Vertical video alignment

Aligning to a vertical view can cause some headaches as you need the Keysight window to also be vertical and 9:16 for the alignment image to be unstretched. Unreal Engine does not allow Keysight to resize to a resolution larger than your available monitor resolution.

  • If you have a 1920x1080 monitor: use 603x1072
  • If you have a 2560x1440 monitor: use 810x1440

However, going into such a 9:16 aspect ratio will break Keysight's menus. As such, use the shortcut of alt + enter to toggle between Borderless windowed and Windowed modes. This allows you to rapidly switch between broken-menu-9:16 mode and working-menu-16:9 modes without needing to actually hit any menu buttons in the process.

Vertical

Removing planar shadowing

If you have planar shadows, particularly across the top of your Backdrop: these are granted by Light Bars and must be disabled or adjusted under Widgets > Light bars.

Using the Randomizer

Under a stock setup: using the Randomizer with this kind of 3D view will turn a bunch of unwanted effects back on and completely ruin the visuals.

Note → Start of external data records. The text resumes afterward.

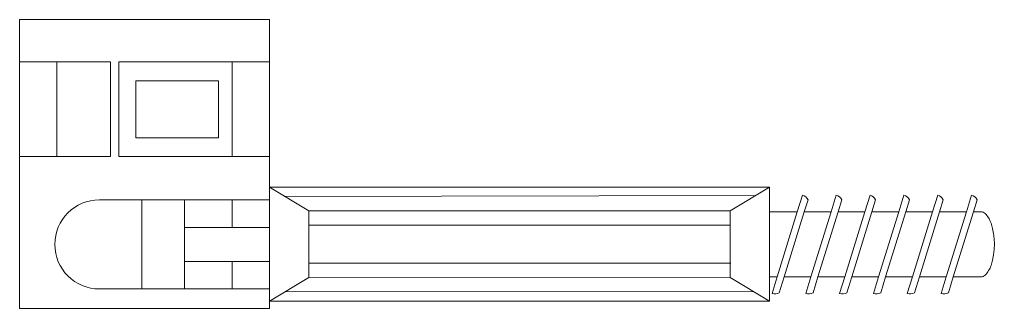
# Model space of a CAD drawing. Header units: centimetres. Extents: x -2268 to 3762, y -1681 to 1458.
# Drawn here: x 1089.074 to 1092.974, y -1432.833 to -1431.676 of the extents above; entities that cross this region are included whole.
import ezdxf

# ---------------------------------------------------------------- set-up
doc = ezdxf.new("R2010")
doc.units = ezdxf.units.CM
for name, color, linetype, lineweight in [('0_Num_Penna__5', 5, 'Continuous', 18), ('0_Num_Penna__6', 6, 'Continuous', 18), ('A-FURN_Num_Penna__252_Num_Penna__252_Num_Penna__3_Num_Penna__252_Num_Penna__252_Num_Penna__252_Num_Penna__252_Num_Penna__252_Num_Penna__252_Num_Penna__252_Num_Penna__252_Num_Penna__252_Num_Penna__252_Num_Penna__252_Num_Penna__5', 5, 'Continuous', 18), ('A-FURN_Num_Penna__252_Num_Penna__252_Num_Penna__3_Num_Penna__252_Num_Penna__252_Num_Penna__252_Num_Penna__252_Num_Penna__252_Num_Penna__252_Num_Penna__252_Num_Penna__252_Num_Penna__252_Num_Penna__252_Num_Penna__252_Num_Penna__6', 6, 'Continuous', 18), ('PDF16_Geometry_Num_Penna__6_Num_Penna__6_Num_Penna__6_Num_Penna__6_Num_Penna__6_Num_Penna__6_Num_Penna__6_Num_Penna__6_Num_Penna__6_Num_Penna__6_Num_Penna__6_Num_Penna__6_Num_Penna__6_Num_Penna__6', 6, 'Continuous', 18), ('PDF2_Geometry_Num_Penna__7_Num_Penna__7_Num_Penna__7_Num_Penna__7_Num_Penna__7_Num_Penna__7_Num_Penna__7_Num_Penna__6', 6, 'Continuous', 18), ('VITE_Num_Penna__5', 5, 'Continuous', 18), ('VITE_Num_Penna__6', 6, 'Continuous', 18)]:
    doc.layers.add(name, color=color, linetype=linetype, lineweight=lineweight)

msp = doc.modelspace()

# ---------------------------------------------------------------- linework, layer by layer
at = {"layer": '0_Num_Penna__5', "color": 6, "ltscale": 0.5}
msp.add_line((1090.0744, -1432.8044), (1090.0744, -1432.8332), dxfattribs=at)
at = {"layer": '0_Num_Penna__6', "color": 6, "linetype": 'Continuous', "lineweight": 18}
for p, q in [((1089.0744, -1432.8332), (1089.0744, -1431.6759)), ((1090.0744, -1432.3473), (1090.0744, -1431.6759)), ((1092.0744, -1432.3473), (1090.0744, -1432.3473)), ((1090.0744, -1432.8332), (1089.0744, -1432.8332))]:
    msp.add_line(p, q, dxfattribs=at)
at = {"layer": 'A-FURN_Num_Penna__252_Num_Penna__252_Num_Penna__3_Num_Penna__252_Num_Penna__252_Num_Penna__252_Num_Penna__252_Num_Penna__252_Num_Penna__252_Num_Penna__252_Num_Penna__252_Num_Penna__252_Num_Penna__252_Num_Penna__252_Num_Penna__5', "color": 5, "linetype": 'Continuous', "lineweight": 18}
for p, q in [((1090.2312, -1432.4425), (1090.2312, -1432.7095)), ((1091.9175, -1432.4425), (1091.9175, -1432.7095)), ((1092.1049, -1432.7063), (1092.1856, -1432.4456)), ((1092.2136, -1432.4456), (1092.1329, -1432.7063)), ((1092.2402, -1432.7063), (1092.3209, -1432.4456)), ((1092.3488, -1432.4456), (1092.2682, -1432.7063)), ((1092.3754, -1432.7063), (1092.4561, -1432.4456)), ((1092.4841, -1432.4456), (1092.4035, -1432.7063)), ((1092.5107, -1432.7063), (1092.5914, -1432.4456)), ((1092.6194, -1432.4456), (1092.5388, -1432.7063)), ((1092.646, -1432.7063), (1092.7267, -1432.4456)), ((1092.7547, -1432.4456), (1092.6741, -1432.7063)), ((1092.7813, -1432.7063), (1092.862, -1432.4456)), ((1092.89, -1432.4456), (1092.8094, -1432.7063))]:
    msp.add_line(p, q, dxfattribs=at)
at = {"layer": 'A-FURN_Num_Penna__252_Num_Penna__252_Num_Penna__3_Num_Penna__252_Num_Penna__252_Num_Penna__252_Num_Penna__252_Num_Penna__252_Num_Penna__252_Num_Penna__252_Num_Penna__252_Num_Penna__252_Num_Penna__252_Num_Penna__252_Num_Penna__6', "color": 6, "linetype": 'Continuous', "lineweight": 18}
for p, q in [((1092.1856, -1432.4456), (1092.2061, -1432.3793)), ((1092.3209, -1432.4456), (1092.3414, -1432.3793)), ((1092.4561, -1432.4456), (1092.4767, -1432.3793)), ((1092.5914, -1432.4456), (1092.612, -1432.3793)), ((1092.7267, -1432.4456), (1092.7473, -1432.3793)), ((1092.862, -1432.4456), (1092.8826, -1432.3793)), ((1092.2284, -1432.3977), (1092.2136, -1432.4456)), ((1092.3637, -1432.3977), (1092.3488, -1432.4456)), ((1092.4989, -1432.3977), (1092.4841, -1432.4456)), ((1092.6342, -1432.3977), (1092.6194, -1432.4456)), ((1092.7695, -1432.3977), (1092.7547, -1432.4456)), ((1092.9048, -1432.3977), (1092.89, -1432.4456)), ((1092.0844, -1432.7726), (1092.1049, -1432.7063)), ((1092.1329, -1432.7063), (1092.1132, -1432.77)), ((1092.2196, -1432.7726), (1092.2402, -1432.7063)), ((1092.2682, -1432.7063), (1092.2485, -1432.7699)), ((1092.3549, -1432.7726), (1092.3754, -1432.7063)), ((1092.4035, -1432.7063), (1092.3838, -1432.77)), ((1092.4902, -1432.7726), (1092.5107, -1432.7063)), ((1092.5388, -1432.7063), (1092.5191, -1432.7699)), ((1092.6255, -1432.7726), (1092.646, -1432.7063)), ((1092.6741, -1432.7063), (1092.6544, -1432.7699)), ((1092.7608, -1432.7726), (1092.7813, -1432.7063)), ((1092.8094, -1432.7063), (1092.7897, -1432.7699))]:
    msp.add_line(p, q, dxfattribs=at)
at = {"layer": 'PDF16_Geometry_Num_Penna__6_Num_Penna__6_Num_Penna__6_Num_Penna__6_Num_Penna__6_Num_Penna__6_Num_Penna__6_Num_Penna__6_Num_Penna__6_Num_Penna__6_Num_Penna__6_Num_Penna__6_Num_Penna__6_Num_Penna__6', "color": 6, "linetype": 'Continuous', "lineweight": 18}
for p, q in [((1092.0744, -1432.3473), (1092.0744, -1432.4456)), ((1092.0744, -1432.7063), (1092.0744, -1432.8044))]:
    msp.add_line(p, q, dxfattribs=at)
at = {"layer": 'PDF2_Geometry_Num_Penna__7_Num_Penna__7_Num_Penna__7_Num_Penna__7_Num_Penna__7_Num_Penna__7_Num_Penna__7_Num_Penna__6', "color": 6, "linetype": 'Continuous', "lineweight": 18, "flags": 128}
for points in [[(1092.2061, -1432.3793, -0.19894), (1092.2284, -1432.3977)], [(1092.3414, -1432.3793, -0.199007), (1092.3637, -1432.3977)], [(1092.4767, -1432.3793, -0.198898), (1092.4989, -1432.3977)], [(1092.612, -1432.3793, -0.198954), (1092.6342, -1432.3977)], [(1092.7473, -1432.3793, -0.19894), (1092.7695, -1432.3977)], [(1092.8826, -1432.3793, -0.199007), (1092.9048, -1432.3977)], [(1092.89, -1432.4456), (1092.9197, -1432.4456, -0.19953), (1092.9366, -1432.4526, -0.116877), (1092.9606, -1432.4914, -0.162888), (1092.9606, -1432.6603, -0.116832), (1092.9367, -1432.6993, -0.198418), (1092.9198, -1432.7063), (1092.8094, -1432.7063)], [(1092.1132, -1432.77, -0.199281), (1092.0844, -1432.7726)], [(1092.2485, -1432.7699, -0.198716), (1092.2196, -1432.7726)], [(1092.3838, -1432.7699, -0.199628), (1092.3549, -1432.7726)], [(1092.5191, -1432.7699, -0.198514), (1092.4902, -1432.7726)], [(1092.6544, -1432.7699, -0.199281), (1092.6255, -1432.7726)], [(1092.7897, -1432.7699, -0.198716), (1092.7608, -1432.7726)]]:
    msp.add_lwpolyline(points, format="xyb", dxfattribs=at)
for points in [[(1092.0744, -1432.4456), (1092.1856, -1432.4456)], [(1092.2136, -1432.4456), (1092.3209, -1432.4456)], [(1092.3488, -1432.4456), (1092.4561, -1432.4456)], [(1092.4841, -1432.4456), (1092.5914, -1432.4456)], [(1092.6194, -1432.4456), (1092.7267, -1432.4456)], [(1092.7547, -1432.4456), (1092.862, -1432.4456)], [(1092.1049, -1432.7063), (1092.0744, -1432.7063)], [(1092.2402, -1432.7063), (1092.1329, -1432.7063)], [(1092.3754, -1432.7063), (1092.2682, -1432.7063)], [(1092.5107, -1432.7063), (1092.4035, -1432.7063)], [(1092.646, -1432.7063), (1092.5388, -1432.7063)], [(1092.7813, -1432.7063), (1092.6741, -1432.7063)]]:
    msp.add_lwpolyline(points, dxfattribs=at)
at = {"layer": 'VITE_Num_Penna__5', "color": 5, "linetype": 'Continuous', "lineweight": 18}
for p, q in [((1090.0744, -1431.6759), (1089.0744, -1431.6759)), ((1089.4383, -1431.8459), (1089.0744, -1431.8459)), ((1089.224, -1431.8459), (1089.224, -1432.2251)), ((1089.4383, -1432.2251), (1089.4383, -1431.8459)), ((1089.4723, -1432.2251), (1089.4723, -1431.8459)), ((1090.0744, -1431.8459), (1089.4723, -1431.8459)), ((1089.9247, -1431.8459), (1089.9247, -1432.2251)), ((1089.5403, -1431.9215), (1089.5403, -1432.1494)), ((1089.8703, -1431.9215), (1089.5403, -1431.9215)), ((1089.8703, -1431.9215), (1089.8703, -1432.1494)), ((1089.8703, -1432.1494), (1089.5403, -1432.1494)), ((1089.4383, -1432.2251), (1089.0744, -1432.2251)), ((1090.0744, -1432.2251), (1089.4723, -1432.2251)), ((1090.0744, -1432.3473), (1090.0744, -1432.8044)), ((1090.2312, -1432.4425), (1090.0744, -1432.3473)), ((1091.9175, -1432.4425), (1092.0744, -1432.3473)), ((1090.135, -1432.3841), (1092.0197, -1432.3805)), ((1090.0744, -1432.3978), (1089.3941, -1432.3978)), ((1089.5641, -1432.755), (1089.5641, -1432.3978)), ((1089.5641, -1432.3978), (1089.7342, -1432.3978)), ((1089.7342, -1432.3978), (1089.7342, -1432.755)), ((1089.9247, -1432.3978), (1089.9247, -1432.5084)), ((1090.2312, -1432.4426), (1091.9175, -1432.4425)), ((1092.0744, -1432.4456), (1092.0744, -1432.7063)), ((1089.7342, -1432.5084), (1090.0744, -1432.5084)), ((1091.9175, -1432.4997), (1090.2312, -1432.4997)), ((1089.7342, -1432.6444), (1090.0744, -1432.6444)), ((1089.9247, -1432.6444), (1089.9247, -1432.755)), ((1090.2312, -1432.652), (1091.9198, -1432.652)), ((1090.2312, -1432.7095), (1090.0744, -1432.8044)), ((1090.2301, -1432.7102), (1091.9175, -1432.7093)), ((1091.9175, -1432.7095), (1092.0744, -1432.8044)), ((1090.0744, -1432.755), (1089.3941, -1432.755)), ((1089.5641, -1432.755), (1089.7342, -1432.755)), ((1092.0095, -1432.7652), (1090.1379, -1432.766))]:
    msp.add_line(p, q, dxfattribs=at)
msp.add_arc((1089.3941, -1432.5764), 0.1786, 90, 270, dxfattribs=at)
at = {"layer": 'VITE_Num_Penna__6', "color": 6, "linetype": 'Continuous', "lineweight": 18}
msp.add_line((1090.0744, -1432.8044), (1092.0744, -1432.8044), dxfattribs=at)

doc.saveas('drawing.dxf')

To combat this, you will need to change the internal "default preset" that the Randomizer uses as a baseline to randomize from.

  • Make a new preset
  • Adjust it according to the steps above to get it looking good in AR
  • Consider only removing the default Light Bars rather than fully disabling them, so the Randomizer can generate a Light Bar
  • Go into System > Defaults calibration and click Set current preset as default
  • Under Randomizer, disable the Keypress and Impact light tabs
  • Save the Randomizer and System Settings using the bottom-right buttons to save this

Now, the Randomizer pulls our AR-ready default preset and does not re-enable Keypresses or Impact lights, and functions as you would hope. However, be warned that Z-height of effects is derived from templates, and so randomizer-generated presets will likely have undesirable Z-height layout of effects like Light Bars.

Info

This can be fixed by tweaking the underlying templates. These can be found as JSON files in the Keysight install itself, but that goes way beyond the scope of this guide and I do not recommend going down this rabbit hole.